**WHAT YOU NEED TO DO**
Consider the listing below. Extract exactly the lines from the line containing "#100=DIRECTION('',(1.,0.,0.));" to the line containing "#118=VERTEX_POINT('',#117);", both included.

**SOURCE MATERIAL**

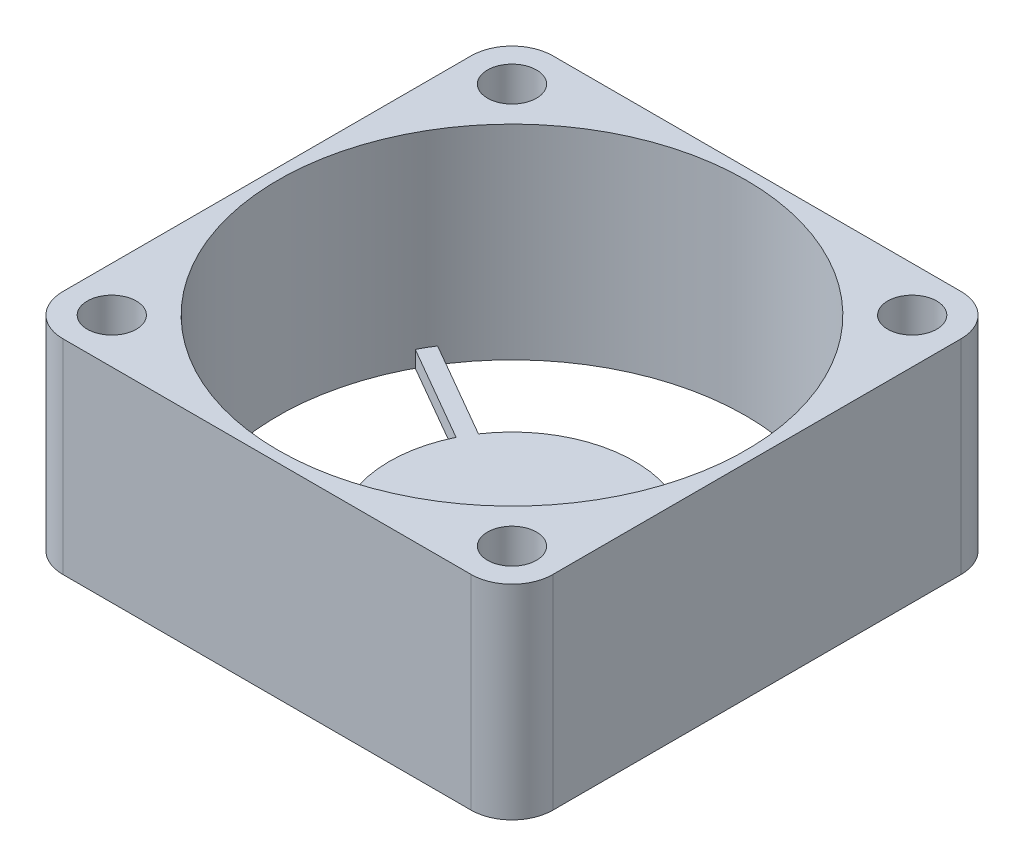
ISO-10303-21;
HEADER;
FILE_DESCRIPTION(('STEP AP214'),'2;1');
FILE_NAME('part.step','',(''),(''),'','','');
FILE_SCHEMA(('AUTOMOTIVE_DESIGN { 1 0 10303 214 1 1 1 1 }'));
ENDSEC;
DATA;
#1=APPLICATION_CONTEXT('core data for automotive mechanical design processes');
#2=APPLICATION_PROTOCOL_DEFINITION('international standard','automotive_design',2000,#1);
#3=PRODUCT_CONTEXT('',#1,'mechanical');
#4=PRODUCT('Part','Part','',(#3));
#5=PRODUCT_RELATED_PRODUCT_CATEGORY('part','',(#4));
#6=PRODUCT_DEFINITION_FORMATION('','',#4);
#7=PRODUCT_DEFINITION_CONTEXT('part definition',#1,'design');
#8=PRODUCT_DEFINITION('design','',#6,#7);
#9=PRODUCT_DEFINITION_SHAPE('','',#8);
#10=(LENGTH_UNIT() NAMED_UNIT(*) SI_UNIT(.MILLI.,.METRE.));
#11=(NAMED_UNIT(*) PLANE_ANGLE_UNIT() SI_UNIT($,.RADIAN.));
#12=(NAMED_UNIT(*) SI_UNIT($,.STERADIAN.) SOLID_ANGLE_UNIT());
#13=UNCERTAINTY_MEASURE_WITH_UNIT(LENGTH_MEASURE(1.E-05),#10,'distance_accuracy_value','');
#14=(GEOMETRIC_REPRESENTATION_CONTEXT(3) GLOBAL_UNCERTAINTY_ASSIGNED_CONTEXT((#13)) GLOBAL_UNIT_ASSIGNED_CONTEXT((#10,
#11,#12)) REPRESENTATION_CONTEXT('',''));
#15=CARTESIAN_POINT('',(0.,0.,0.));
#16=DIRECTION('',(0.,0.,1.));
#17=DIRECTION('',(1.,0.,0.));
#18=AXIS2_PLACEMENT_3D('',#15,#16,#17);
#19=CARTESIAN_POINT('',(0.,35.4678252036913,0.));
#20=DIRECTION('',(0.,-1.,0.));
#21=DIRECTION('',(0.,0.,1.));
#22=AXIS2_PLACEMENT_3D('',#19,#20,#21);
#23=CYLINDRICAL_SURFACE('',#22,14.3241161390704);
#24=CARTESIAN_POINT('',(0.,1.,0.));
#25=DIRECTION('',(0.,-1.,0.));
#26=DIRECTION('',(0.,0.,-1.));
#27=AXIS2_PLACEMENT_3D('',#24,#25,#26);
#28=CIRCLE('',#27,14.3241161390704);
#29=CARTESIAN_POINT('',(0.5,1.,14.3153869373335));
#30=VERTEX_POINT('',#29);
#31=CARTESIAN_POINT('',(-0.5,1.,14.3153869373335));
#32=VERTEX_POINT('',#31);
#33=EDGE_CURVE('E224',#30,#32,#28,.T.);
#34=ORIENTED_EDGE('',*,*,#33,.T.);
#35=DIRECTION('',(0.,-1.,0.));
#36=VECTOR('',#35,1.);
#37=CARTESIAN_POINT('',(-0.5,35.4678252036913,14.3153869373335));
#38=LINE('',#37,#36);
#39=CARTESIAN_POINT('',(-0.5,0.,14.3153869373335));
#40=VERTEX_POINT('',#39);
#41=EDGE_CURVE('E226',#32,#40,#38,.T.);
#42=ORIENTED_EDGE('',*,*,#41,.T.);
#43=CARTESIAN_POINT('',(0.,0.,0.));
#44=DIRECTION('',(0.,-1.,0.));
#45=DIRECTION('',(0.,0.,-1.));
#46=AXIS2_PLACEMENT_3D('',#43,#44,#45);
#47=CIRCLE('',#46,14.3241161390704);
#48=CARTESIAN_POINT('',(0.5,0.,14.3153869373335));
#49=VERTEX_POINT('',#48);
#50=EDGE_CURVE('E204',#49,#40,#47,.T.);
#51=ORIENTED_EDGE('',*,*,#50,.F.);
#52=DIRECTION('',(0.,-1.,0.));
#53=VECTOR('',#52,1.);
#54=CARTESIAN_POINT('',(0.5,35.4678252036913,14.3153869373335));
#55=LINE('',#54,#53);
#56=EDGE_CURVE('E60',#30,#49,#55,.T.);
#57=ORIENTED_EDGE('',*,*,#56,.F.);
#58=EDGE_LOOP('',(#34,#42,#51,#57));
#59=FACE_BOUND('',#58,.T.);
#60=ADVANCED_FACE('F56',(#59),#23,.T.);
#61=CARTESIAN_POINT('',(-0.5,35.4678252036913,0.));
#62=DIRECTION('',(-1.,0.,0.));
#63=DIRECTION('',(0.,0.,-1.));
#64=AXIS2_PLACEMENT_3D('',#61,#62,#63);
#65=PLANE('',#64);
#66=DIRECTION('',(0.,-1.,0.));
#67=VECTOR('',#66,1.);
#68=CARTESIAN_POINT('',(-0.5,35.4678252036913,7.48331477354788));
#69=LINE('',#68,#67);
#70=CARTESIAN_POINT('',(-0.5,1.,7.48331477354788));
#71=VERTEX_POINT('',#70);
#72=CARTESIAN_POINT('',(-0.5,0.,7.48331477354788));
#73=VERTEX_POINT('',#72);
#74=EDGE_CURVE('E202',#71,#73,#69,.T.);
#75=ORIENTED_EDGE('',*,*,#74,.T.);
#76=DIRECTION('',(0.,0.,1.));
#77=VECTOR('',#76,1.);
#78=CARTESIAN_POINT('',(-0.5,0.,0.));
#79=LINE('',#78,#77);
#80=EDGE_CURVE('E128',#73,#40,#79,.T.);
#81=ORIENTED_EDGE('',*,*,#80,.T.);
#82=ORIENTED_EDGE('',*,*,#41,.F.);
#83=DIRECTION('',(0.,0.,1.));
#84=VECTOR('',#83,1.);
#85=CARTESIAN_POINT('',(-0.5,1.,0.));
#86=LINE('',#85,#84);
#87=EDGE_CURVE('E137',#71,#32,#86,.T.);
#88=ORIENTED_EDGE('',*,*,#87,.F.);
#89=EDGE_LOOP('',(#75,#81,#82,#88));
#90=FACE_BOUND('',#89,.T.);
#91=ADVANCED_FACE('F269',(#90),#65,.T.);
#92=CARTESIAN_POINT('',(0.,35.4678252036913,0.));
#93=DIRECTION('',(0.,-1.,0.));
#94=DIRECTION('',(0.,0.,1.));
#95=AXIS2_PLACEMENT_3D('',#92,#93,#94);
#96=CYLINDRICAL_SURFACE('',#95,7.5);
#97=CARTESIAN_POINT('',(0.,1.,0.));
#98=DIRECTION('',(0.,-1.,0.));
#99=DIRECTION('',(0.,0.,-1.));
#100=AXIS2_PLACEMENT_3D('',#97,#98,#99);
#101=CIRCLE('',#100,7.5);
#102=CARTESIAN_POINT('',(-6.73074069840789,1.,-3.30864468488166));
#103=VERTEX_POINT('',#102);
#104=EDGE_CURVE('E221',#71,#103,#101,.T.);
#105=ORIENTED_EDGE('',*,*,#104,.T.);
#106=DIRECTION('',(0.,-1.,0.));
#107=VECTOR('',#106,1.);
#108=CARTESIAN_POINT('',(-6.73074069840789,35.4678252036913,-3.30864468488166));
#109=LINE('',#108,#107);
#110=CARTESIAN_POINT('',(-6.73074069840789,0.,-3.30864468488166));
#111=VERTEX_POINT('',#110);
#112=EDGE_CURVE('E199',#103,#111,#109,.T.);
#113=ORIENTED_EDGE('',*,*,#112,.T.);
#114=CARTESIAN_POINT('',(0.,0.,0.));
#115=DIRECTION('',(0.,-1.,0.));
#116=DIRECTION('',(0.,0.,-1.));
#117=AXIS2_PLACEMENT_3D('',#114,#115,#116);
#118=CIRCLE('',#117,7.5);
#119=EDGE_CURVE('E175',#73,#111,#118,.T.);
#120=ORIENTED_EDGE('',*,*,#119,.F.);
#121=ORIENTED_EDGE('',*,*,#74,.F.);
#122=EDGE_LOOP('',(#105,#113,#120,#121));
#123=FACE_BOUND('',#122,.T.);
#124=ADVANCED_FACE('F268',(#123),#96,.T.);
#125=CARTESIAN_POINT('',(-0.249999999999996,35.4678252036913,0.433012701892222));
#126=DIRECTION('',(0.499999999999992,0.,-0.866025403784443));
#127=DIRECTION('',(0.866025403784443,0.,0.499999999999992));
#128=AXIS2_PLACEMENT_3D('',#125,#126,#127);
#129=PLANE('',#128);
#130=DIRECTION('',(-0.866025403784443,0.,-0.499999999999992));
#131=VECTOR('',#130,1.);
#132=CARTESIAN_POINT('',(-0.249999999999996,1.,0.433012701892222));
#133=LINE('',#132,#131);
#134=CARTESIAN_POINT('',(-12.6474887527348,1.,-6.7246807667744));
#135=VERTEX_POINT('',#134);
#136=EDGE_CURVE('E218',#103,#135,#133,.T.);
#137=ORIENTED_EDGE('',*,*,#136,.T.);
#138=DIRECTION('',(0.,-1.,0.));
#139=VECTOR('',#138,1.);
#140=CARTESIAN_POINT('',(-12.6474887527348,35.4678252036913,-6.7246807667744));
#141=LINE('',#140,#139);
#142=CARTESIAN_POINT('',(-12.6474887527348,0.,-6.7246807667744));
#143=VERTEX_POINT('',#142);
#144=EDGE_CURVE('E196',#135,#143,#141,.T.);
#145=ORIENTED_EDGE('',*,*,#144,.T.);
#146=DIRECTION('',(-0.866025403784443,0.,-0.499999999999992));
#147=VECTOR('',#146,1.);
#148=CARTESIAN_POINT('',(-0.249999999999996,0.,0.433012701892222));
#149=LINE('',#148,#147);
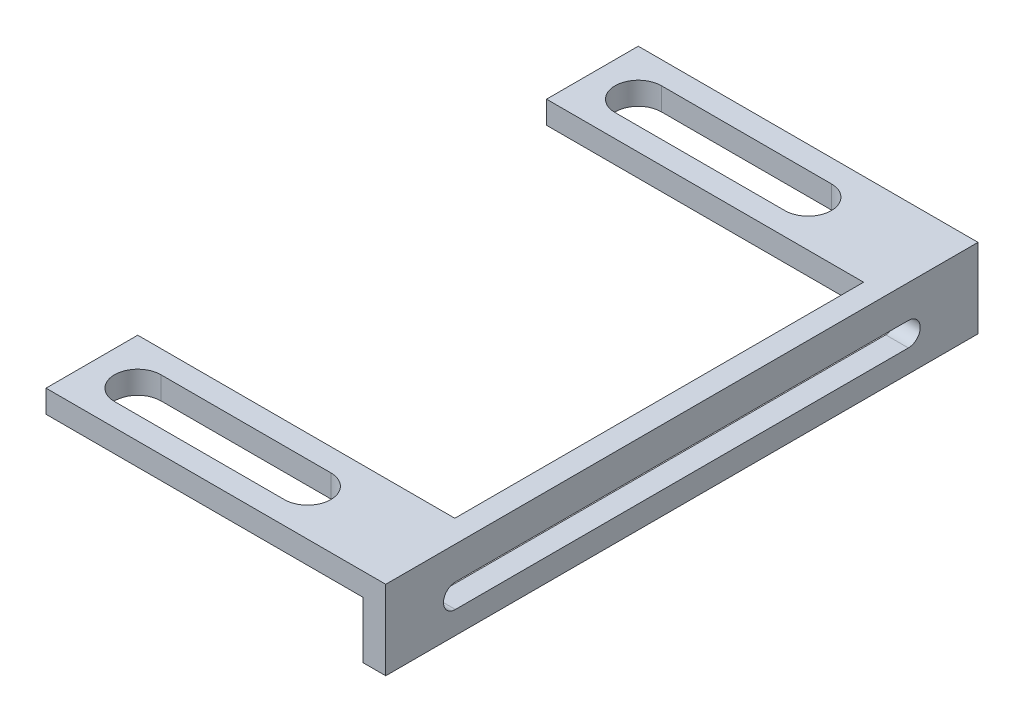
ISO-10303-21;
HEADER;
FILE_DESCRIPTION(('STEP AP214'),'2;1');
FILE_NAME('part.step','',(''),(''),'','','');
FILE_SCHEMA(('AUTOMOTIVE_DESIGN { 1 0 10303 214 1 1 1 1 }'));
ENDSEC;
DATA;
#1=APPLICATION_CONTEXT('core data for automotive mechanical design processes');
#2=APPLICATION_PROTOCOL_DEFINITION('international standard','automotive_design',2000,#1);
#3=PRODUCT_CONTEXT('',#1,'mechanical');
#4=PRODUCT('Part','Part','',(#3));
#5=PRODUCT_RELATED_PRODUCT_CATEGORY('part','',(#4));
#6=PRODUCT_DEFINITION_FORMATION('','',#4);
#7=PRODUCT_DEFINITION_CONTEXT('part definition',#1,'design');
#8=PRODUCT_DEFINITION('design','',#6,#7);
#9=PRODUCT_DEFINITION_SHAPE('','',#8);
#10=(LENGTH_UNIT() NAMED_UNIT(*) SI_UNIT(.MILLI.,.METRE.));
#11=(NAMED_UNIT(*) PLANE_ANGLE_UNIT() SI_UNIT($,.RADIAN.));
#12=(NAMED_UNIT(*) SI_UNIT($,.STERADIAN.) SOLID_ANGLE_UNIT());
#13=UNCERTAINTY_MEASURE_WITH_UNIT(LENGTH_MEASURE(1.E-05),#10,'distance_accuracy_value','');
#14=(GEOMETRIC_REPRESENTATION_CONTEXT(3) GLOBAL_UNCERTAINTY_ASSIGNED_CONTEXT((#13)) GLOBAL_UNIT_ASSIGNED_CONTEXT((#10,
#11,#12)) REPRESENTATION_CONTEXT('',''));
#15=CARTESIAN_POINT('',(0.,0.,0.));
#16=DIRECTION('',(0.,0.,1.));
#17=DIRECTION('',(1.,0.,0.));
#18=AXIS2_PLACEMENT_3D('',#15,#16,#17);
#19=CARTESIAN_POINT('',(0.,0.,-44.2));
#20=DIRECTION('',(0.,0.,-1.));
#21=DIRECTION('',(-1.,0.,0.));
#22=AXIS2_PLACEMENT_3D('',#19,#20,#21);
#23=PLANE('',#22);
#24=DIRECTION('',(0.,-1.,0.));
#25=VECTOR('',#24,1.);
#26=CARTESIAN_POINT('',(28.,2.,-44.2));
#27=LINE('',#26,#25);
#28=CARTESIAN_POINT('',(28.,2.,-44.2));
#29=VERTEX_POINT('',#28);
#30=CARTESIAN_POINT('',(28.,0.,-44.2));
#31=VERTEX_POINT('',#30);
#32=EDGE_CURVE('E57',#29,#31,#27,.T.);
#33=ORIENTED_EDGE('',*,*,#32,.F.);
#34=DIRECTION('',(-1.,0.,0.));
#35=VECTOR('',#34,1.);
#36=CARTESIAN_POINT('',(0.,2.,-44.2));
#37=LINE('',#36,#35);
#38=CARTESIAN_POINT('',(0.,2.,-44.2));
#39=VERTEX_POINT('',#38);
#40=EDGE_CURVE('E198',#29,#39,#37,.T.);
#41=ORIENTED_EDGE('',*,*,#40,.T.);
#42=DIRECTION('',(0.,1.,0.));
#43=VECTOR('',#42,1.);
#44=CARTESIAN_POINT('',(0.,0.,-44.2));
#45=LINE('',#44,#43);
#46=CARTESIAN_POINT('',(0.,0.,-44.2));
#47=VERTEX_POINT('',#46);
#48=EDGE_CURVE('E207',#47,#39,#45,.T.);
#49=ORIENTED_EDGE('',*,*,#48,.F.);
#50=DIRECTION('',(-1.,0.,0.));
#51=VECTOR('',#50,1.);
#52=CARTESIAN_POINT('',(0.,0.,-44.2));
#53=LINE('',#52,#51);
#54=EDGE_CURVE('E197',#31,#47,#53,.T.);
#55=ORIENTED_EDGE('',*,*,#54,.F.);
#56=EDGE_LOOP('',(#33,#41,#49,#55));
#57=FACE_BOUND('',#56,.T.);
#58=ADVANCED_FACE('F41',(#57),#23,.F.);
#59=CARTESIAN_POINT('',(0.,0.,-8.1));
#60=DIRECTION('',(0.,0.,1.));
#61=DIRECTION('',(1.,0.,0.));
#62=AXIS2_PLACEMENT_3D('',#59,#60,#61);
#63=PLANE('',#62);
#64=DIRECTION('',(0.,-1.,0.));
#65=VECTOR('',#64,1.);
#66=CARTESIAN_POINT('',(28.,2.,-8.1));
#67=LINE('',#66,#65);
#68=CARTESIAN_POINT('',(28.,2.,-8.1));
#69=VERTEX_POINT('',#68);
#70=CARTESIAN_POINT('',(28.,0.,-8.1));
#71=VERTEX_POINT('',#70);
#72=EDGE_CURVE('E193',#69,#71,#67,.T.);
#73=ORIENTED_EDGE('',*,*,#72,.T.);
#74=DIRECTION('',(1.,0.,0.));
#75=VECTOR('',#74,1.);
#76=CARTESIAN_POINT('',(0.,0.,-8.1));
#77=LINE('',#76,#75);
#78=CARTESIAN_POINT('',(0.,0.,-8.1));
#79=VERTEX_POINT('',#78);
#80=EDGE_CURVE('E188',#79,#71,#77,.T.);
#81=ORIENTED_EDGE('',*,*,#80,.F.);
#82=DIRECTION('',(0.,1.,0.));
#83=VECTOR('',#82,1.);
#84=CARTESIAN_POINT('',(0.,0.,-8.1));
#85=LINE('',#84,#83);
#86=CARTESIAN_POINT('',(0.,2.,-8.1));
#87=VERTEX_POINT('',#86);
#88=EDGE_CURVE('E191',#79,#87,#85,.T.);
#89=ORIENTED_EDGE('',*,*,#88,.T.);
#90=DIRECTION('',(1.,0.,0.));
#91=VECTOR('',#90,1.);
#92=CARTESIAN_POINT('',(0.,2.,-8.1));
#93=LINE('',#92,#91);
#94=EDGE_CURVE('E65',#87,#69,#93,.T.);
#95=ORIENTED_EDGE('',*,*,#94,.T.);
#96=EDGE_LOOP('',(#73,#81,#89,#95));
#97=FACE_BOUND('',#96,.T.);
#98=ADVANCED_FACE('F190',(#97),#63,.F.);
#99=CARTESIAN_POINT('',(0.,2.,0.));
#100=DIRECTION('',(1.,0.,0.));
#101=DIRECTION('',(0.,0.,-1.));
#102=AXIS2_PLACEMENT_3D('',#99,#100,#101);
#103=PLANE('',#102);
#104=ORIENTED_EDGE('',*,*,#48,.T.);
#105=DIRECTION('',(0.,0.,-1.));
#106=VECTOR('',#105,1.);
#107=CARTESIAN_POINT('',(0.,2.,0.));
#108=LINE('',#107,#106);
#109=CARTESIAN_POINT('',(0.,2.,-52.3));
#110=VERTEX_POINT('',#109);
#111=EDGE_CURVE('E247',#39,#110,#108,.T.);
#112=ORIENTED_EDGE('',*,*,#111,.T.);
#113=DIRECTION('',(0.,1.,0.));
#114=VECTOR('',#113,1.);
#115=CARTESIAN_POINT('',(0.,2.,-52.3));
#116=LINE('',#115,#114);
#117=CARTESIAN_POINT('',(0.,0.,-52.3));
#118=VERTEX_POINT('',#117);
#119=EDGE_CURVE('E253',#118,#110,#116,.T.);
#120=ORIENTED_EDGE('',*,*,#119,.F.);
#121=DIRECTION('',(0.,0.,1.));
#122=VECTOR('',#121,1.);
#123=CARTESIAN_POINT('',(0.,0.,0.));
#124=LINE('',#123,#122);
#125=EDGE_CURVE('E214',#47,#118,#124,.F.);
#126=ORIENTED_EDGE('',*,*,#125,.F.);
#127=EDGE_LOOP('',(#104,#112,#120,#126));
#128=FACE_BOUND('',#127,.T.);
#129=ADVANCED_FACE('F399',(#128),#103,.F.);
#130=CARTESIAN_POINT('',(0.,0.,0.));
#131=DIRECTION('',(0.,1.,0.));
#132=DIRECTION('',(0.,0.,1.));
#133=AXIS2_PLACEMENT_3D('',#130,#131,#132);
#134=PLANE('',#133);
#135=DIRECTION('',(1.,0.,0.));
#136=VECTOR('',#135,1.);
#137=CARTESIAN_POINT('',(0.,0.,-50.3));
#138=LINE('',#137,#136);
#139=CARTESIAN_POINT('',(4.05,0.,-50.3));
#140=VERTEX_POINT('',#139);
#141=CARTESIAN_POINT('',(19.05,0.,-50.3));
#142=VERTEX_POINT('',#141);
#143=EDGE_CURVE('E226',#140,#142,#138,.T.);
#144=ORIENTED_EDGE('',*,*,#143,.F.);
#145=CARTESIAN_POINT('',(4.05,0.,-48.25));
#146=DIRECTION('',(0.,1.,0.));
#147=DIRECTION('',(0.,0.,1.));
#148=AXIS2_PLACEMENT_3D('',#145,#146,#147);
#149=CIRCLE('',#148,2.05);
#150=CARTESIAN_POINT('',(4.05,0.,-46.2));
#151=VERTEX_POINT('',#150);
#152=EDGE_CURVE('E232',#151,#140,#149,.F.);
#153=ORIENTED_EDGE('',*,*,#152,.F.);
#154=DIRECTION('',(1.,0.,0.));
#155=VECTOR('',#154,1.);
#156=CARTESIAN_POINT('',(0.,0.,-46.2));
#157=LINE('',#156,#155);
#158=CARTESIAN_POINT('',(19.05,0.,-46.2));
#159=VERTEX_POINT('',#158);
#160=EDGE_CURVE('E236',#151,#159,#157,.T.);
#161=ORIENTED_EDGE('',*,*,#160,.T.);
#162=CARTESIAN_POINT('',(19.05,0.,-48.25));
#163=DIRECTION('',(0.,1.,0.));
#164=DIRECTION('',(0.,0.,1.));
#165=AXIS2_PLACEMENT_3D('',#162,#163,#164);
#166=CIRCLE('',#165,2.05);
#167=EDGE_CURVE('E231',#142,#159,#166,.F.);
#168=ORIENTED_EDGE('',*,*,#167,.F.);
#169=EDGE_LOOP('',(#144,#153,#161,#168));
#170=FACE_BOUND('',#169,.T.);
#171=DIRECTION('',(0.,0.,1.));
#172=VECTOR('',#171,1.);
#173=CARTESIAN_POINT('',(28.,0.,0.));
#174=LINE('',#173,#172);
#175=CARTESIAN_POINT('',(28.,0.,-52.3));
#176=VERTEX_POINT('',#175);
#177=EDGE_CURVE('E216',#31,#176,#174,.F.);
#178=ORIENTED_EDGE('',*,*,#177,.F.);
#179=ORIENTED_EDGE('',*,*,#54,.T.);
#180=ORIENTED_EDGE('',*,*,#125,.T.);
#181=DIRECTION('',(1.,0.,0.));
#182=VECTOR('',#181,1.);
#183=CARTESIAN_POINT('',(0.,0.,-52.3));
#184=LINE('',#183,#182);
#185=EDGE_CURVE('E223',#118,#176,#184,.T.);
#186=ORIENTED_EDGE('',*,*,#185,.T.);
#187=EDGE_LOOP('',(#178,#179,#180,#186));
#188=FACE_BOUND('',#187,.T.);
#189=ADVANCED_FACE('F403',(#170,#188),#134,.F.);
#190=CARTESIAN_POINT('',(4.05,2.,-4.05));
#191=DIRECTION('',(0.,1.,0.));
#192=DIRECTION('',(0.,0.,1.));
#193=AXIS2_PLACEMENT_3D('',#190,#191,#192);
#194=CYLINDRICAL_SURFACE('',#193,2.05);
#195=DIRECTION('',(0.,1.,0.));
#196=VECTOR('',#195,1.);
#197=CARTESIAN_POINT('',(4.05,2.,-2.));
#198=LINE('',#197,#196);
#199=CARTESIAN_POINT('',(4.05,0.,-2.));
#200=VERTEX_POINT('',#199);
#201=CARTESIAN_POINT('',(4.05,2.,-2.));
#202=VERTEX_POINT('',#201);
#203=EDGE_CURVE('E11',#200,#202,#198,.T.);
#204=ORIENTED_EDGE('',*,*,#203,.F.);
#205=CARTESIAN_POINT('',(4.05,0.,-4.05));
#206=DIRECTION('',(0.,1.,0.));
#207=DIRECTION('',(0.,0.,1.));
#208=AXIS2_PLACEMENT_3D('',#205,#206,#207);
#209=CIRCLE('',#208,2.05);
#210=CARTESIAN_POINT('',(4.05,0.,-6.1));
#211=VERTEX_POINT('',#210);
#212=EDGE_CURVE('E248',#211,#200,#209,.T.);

**RESPONSE BELOW**
#100=DIRECTION('',(1.,0.,0.));
#101=DIRECTION('',(0.,0.,-1.));
#102=AXIS2_PLACEMENT_3D('',#99,#100,#101);
#103=PLANE('',#102);
#104=ORIENTED_EDGE('',*,*,#48,.T.);
#105=DIRECTION('',(0.,0.,-1.));
#106=VECTOR('',#105,1.);
#107=CARTESIAN_POINT('',(0.,2.,0.));
#108=LINE('',#107,#106);
#109=CARTESIAN_POINT('',(0.,2.,-52.3));
#110=VERTEX_POINT('',#109);
#111=EDGE_CURVE('E247',#39,#110,#108,.T.);
#112=ORIENTED_EDGE('',*,*,#111,.T.);
#113=DIRECTION('',(0.,1.,0.));
#114=VECTOR('',#113,1.);
#115=CARTESIAN_POINT('',(0.,2.,-52.3));
#116=LINE('',#115,#114);
#117=CARTESIAN_POINT('',(0.,0.,-52.3));
#118=VERTEX_POINT('',#117);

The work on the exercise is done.